# TVA à 5.5 sur l'IPOD demain !



## bernie18 (20 Juin 2004)

Info de macbidouille.com...

La tva passerait à 5.5% sur l'achat d'un ipod pour la fete de la musique à la fnac !!

Vais-je attendre la nouvelle generation ou est-ce que je passe à l'acte ..

AHHHHH j'ai peur .....


----------



## bernie18 (20 Juin 2004)

En plus, avec la réduc' de 6% adherents fnac....

Ca fait un truc du genre -70 euros !!

COOL NON....

Mais quand va arriver la nouvelle generation ??!!


----------



## jpmiss (20 Juin 2004)

bernie18 a dit:
			
		

> Info de macbidouille.com...
> 
> La tva passerait à 5.5% sur l'achat d'un ipod pour la fete de la musique à la fnac !!
> 
> ...




Tudjiu!!!!     
Moi qui voulais attendre un peu pour acheter un 40 Go, je vais faire chauffer la CB demain!!!     

Merci pour l'info


----------



## bernie18 (20 Juin 2004)

J'ai calculé -70 euros pour un 20 GO à 449 euros ........

Voila voila .....

Là je commence à stresser parceke ca vo vraiment le coup !!


----------



## jpmiss (20 Juin 2004)

bernie18 a dit:
			
		

> parceke ca vo vraiment le coup !!



Tu m'étonne!
Moi je vais pas stresser longtemps!


----------



## miaou (20 Juin 2004)

et en plus ce mois ci ,pour les adherents ,pour l'achat d'un ipod 20 go , on a  les enceintes Hercules XPS2100. ( valeur 79,9 ¤ ) en cadeau
mais pour la tva à 5,5 % je sais pas


----------



## jpmiss (20 Juin 2004)

miaou a dit:
			
		

> mais pour la tva à 5,5 % je sais pas




C'est là 
Autre indice sur le site de la Fnac  "    Fête de la Musique        Rendez-vous le lundi 21 juin sur Fnac.com pour une surprise en musique !"


----------



## miaou (20 Juin 2004)

jpmiss a dit:
			
		

> C'est là
> Autre indice sur le site de la Fnac  "    Fête de la Musique        Rendez-vous le lundi 21 juin sur Fnac.com pour une surprise en musique !"

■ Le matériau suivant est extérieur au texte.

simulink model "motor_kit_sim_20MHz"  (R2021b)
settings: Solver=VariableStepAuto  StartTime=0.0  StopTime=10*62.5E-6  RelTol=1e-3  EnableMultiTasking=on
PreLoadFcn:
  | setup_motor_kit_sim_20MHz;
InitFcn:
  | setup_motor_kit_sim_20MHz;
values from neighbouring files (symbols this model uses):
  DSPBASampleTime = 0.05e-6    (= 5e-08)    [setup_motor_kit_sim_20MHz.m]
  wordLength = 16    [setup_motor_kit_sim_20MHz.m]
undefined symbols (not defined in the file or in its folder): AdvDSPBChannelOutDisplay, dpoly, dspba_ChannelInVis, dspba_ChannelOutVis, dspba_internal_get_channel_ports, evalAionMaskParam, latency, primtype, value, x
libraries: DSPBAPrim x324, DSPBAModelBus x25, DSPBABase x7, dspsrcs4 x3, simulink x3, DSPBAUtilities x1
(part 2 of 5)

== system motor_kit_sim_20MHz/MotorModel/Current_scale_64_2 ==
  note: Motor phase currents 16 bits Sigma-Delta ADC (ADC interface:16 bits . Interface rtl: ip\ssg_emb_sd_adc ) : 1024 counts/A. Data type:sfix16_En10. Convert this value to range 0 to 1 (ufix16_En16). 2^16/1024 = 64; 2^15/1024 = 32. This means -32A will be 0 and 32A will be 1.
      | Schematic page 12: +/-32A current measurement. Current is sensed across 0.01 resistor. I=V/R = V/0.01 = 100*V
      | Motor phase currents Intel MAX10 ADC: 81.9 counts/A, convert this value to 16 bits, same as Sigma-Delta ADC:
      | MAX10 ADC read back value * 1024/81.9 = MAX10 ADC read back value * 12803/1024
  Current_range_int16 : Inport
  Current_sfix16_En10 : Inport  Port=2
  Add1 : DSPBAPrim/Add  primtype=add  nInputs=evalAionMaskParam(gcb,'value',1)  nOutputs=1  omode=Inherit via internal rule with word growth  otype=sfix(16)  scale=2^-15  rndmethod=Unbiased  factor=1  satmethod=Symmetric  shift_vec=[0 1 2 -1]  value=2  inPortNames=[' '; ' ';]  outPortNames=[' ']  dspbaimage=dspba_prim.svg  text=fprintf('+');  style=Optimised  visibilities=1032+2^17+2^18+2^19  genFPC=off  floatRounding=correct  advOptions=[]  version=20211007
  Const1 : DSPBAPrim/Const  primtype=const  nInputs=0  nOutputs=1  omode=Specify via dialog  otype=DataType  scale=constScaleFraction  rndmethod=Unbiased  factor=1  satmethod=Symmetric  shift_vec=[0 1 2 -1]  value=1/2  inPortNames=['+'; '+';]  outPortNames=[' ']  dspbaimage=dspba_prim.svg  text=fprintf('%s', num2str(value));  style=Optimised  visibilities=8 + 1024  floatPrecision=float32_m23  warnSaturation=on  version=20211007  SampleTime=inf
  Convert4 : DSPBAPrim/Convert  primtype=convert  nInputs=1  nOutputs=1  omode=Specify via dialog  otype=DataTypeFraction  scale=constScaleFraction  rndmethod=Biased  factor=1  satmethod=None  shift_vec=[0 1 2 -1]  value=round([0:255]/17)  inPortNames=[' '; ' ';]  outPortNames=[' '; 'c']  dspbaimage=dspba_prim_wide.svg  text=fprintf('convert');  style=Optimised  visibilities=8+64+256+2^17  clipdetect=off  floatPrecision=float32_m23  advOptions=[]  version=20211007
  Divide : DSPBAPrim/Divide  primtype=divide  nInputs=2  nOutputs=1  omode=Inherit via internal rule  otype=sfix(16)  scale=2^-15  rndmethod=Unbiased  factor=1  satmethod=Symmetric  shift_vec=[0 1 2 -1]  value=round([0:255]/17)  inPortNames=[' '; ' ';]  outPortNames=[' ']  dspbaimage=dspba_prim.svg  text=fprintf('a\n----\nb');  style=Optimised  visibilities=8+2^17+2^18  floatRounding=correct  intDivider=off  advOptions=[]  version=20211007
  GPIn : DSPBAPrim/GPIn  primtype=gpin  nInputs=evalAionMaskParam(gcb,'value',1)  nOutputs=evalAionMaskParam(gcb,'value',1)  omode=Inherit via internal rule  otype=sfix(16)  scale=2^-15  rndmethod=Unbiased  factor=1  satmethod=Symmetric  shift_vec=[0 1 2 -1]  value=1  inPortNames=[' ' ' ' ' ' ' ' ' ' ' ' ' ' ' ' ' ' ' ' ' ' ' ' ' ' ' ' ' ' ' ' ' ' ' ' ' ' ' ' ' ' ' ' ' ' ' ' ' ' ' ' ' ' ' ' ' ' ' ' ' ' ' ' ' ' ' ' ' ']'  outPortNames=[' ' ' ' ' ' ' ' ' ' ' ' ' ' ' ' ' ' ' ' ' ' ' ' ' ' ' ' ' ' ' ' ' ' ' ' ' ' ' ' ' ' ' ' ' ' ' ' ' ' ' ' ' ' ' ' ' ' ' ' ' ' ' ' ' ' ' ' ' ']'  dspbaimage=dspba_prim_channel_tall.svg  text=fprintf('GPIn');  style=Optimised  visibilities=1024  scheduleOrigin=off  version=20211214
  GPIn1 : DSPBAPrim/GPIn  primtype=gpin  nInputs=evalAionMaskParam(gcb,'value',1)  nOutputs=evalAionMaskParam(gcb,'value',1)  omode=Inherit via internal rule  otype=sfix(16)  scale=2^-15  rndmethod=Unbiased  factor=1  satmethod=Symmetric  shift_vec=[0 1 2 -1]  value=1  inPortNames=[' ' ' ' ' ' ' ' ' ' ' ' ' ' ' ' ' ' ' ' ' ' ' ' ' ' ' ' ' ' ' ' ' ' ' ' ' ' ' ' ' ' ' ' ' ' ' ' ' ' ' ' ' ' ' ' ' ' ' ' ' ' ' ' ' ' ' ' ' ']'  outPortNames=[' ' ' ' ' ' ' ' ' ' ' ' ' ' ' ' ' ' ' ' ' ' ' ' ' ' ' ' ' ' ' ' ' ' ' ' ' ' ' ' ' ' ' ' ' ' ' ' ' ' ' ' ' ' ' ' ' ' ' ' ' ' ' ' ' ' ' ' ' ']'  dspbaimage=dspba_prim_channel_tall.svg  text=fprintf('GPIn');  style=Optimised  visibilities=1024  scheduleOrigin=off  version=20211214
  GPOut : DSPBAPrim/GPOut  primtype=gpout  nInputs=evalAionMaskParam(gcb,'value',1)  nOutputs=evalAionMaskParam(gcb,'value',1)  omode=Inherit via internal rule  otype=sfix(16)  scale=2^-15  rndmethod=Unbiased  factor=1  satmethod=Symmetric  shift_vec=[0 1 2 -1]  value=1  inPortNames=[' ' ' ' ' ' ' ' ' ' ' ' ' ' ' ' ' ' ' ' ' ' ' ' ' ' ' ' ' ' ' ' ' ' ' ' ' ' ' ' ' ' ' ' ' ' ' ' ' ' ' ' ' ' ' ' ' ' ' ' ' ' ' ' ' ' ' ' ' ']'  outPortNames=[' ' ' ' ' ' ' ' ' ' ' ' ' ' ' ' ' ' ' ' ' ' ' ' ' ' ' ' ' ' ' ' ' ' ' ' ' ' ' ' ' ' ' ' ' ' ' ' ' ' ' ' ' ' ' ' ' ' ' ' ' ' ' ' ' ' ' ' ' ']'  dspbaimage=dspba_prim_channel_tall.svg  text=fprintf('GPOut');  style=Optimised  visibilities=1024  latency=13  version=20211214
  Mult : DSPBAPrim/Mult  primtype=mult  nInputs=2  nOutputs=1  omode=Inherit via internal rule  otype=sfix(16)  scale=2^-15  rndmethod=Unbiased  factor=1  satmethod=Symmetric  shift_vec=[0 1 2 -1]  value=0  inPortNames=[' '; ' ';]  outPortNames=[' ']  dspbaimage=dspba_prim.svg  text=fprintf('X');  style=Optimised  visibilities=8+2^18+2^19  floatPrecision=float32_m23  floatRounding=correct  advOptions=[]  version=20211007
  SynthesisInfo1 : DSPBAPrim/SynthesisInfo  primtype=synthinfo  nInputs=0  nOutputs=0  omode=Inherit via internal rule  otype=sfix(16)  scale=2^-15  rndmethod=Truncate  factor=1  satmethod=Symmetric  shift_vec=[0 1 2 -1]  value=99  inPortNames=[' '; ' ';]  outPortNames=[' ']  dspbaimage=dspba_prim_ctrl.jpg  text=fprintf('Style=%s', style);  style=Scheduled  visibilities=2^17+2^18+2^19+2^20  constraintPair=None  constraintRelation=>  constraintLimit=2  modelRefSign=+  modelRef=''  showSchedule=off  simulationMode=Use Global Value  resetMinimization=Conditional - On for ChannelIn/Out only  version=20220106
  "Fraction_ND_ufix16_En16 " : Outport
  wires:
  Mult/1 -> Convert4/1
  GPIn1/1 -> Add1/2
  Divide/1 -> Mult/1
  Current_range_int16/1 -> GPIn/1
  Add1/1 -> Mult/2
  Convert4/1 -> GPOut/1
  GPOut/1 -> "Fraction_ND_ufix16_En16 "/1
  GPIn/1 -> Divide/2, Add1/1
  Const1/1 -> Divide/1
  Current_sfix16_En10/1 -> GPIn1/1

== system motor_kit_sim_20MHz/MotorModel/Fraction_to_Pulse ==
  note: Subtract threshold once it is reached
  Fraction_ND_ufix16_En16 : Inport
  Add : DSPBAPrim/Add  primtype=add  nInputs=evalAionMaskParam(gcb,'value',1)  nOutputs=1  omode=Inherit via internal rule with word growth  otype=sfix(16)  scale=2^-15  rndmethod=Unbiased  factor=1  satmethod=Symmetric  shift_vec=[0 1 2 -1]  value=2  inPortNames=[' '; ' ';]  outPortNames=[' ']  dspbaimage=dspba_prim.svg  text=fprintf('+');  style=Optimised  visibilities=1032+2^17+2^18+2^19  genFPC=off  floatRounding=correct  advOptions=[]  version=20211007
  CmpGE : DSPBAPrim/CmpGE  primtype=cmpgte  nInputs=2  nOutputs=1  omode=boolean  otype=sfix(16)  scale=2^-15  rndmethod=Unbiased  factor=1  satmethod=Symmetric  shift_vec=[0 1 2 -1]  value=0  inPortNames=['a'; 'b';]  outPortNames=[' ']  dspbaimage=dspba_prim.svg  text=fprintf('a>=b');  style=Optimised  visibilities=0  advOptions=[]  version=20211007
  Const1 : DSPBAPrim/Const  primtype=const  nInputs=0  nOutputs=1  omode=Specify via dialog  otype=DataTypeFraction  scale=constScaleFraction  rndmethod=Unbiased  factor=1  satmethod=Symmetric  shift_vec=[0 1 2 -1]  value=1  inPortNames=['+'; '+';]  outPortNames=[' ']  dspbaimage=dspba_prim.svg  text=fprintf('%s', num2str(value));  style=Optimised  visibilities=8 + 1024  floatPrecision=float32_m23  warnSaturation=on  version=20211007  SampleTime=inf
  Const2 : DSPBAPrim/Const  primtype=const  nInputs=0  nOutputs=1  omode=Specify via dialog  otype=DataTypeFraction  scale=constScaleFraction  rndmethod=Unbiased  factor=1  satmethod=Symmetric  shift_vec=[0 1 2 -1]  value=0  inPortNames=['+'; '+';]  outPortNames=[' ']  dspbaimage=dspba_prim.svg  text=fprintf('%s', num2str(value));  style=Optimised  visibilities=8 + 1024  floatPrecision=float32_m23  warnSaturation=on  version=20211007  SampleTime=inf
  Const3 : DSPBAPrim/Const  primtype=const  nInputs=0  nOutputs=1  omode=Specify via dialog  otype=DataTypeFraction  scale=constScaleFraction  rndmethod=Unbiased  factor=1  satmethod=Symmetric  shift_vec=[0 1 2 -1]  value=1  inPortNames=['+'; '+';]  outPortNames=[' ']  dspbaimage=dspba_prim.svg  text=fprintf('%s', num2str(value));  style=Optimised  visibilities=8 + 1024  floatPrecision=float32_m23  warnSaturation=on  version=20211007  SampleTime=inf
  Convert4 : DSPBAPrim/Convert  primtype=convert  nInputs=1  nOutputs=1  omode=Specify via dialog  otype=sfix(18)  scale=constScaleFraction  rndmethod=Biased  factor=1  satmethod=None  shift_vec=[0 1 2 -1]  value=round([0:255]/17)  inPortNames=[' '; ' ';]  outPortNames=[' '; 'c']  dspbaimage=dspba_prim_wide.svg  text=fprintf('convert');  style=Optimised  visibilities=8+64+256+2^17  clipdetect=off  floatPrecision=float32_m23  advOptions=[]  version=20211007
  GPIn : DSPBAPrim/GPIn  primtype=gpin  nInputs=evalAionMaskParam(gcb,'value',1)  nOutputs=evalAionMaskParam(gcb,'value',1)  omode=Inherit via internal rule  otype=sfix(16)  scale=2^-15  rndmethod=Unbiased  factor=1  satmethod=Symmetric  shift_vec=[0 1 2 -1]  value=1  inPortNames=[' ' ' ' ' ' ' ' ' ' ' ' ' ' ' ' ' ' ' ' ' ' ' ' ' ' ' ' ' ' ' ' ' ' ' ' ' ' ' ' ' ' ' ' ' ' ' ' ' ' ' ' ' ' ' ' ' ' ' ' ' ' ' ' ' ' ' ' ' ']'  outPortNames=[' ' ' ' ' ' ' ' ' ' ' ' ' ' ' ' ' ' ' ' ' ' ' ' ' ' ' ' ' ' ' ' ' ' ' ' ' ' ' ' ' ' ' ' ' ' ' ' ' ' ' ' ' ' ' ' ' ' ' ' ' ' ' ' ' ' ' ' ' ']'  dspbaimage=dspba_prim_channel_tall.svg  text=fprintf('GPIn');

oui j'ai vu ça et aussi l'info de Mac Bidouille mais il n'y a aucune certitude
et puis j'ai bien peur que la TVA À 5,5 ce soit uniquement  par le net sur FNAC.com et non dans les magasins
j'ai des doutes aussi que tout marche.......  la tva , l'offre du mois ( les encentes ) + les 6 %
j'ai le calcul ; l'ipod 20go  + les enceintes  valeur reelle 528 ¤
ca nous les ferai à 372 ¤   ce serai genial  
enfin en tout cas , demain je vais y faire un tout au magasin on sait jamais


----------



## Anonyme (20 Juin 2004)

A mon avis vous vous excitez pour rien les gars ;o) désolé de vous saper les moral mais je pense que c'est juste sur les CD et DVD la TVA à 5.5 comme l'année dernière (et encore hors prix vert)... et que ce n'est pas cumulable avec la journée à 5% ou les 6% sur le matos.


----------



## jpmiss (20 Juin 2004)

miaou a dit:
			
		

> oui j'ai vu ça et aussi l'info de Mac Bidouille mais il n'y a aucune certitude


 Sur Macbidouille:

"_Attention, nous n'avons pas eu confirmation de cette info.
Pour la fête de la musique, la FNAC abaissera toute la journée du 21 juin, la TVA de l'iPod de 19,6% à 5,5%.
La réduction représente plus de 50¤ sur un 20 Go.
*PS: On nous a confirmé l'info* _


----------



## vincmyl (20 Juin 2004)

Dommage que le mini soit toujours pas dispo :sleep:


----------



## miaou (20 Juin 2004)

tu a surement raison , Mox Folder mais laisse moi rever un peu     
et puis un peu d' excitation ça fait pas de mal


----------



## miaou (20 Juin 2004)

bernie18 a dit:
			
		

> J'ai calculé -70 euros pour un 20 GO à 449 euros ........
> 
> Voila voila .....
> 
> Là je commence à stresser parceke ca vo vraiment le coup !!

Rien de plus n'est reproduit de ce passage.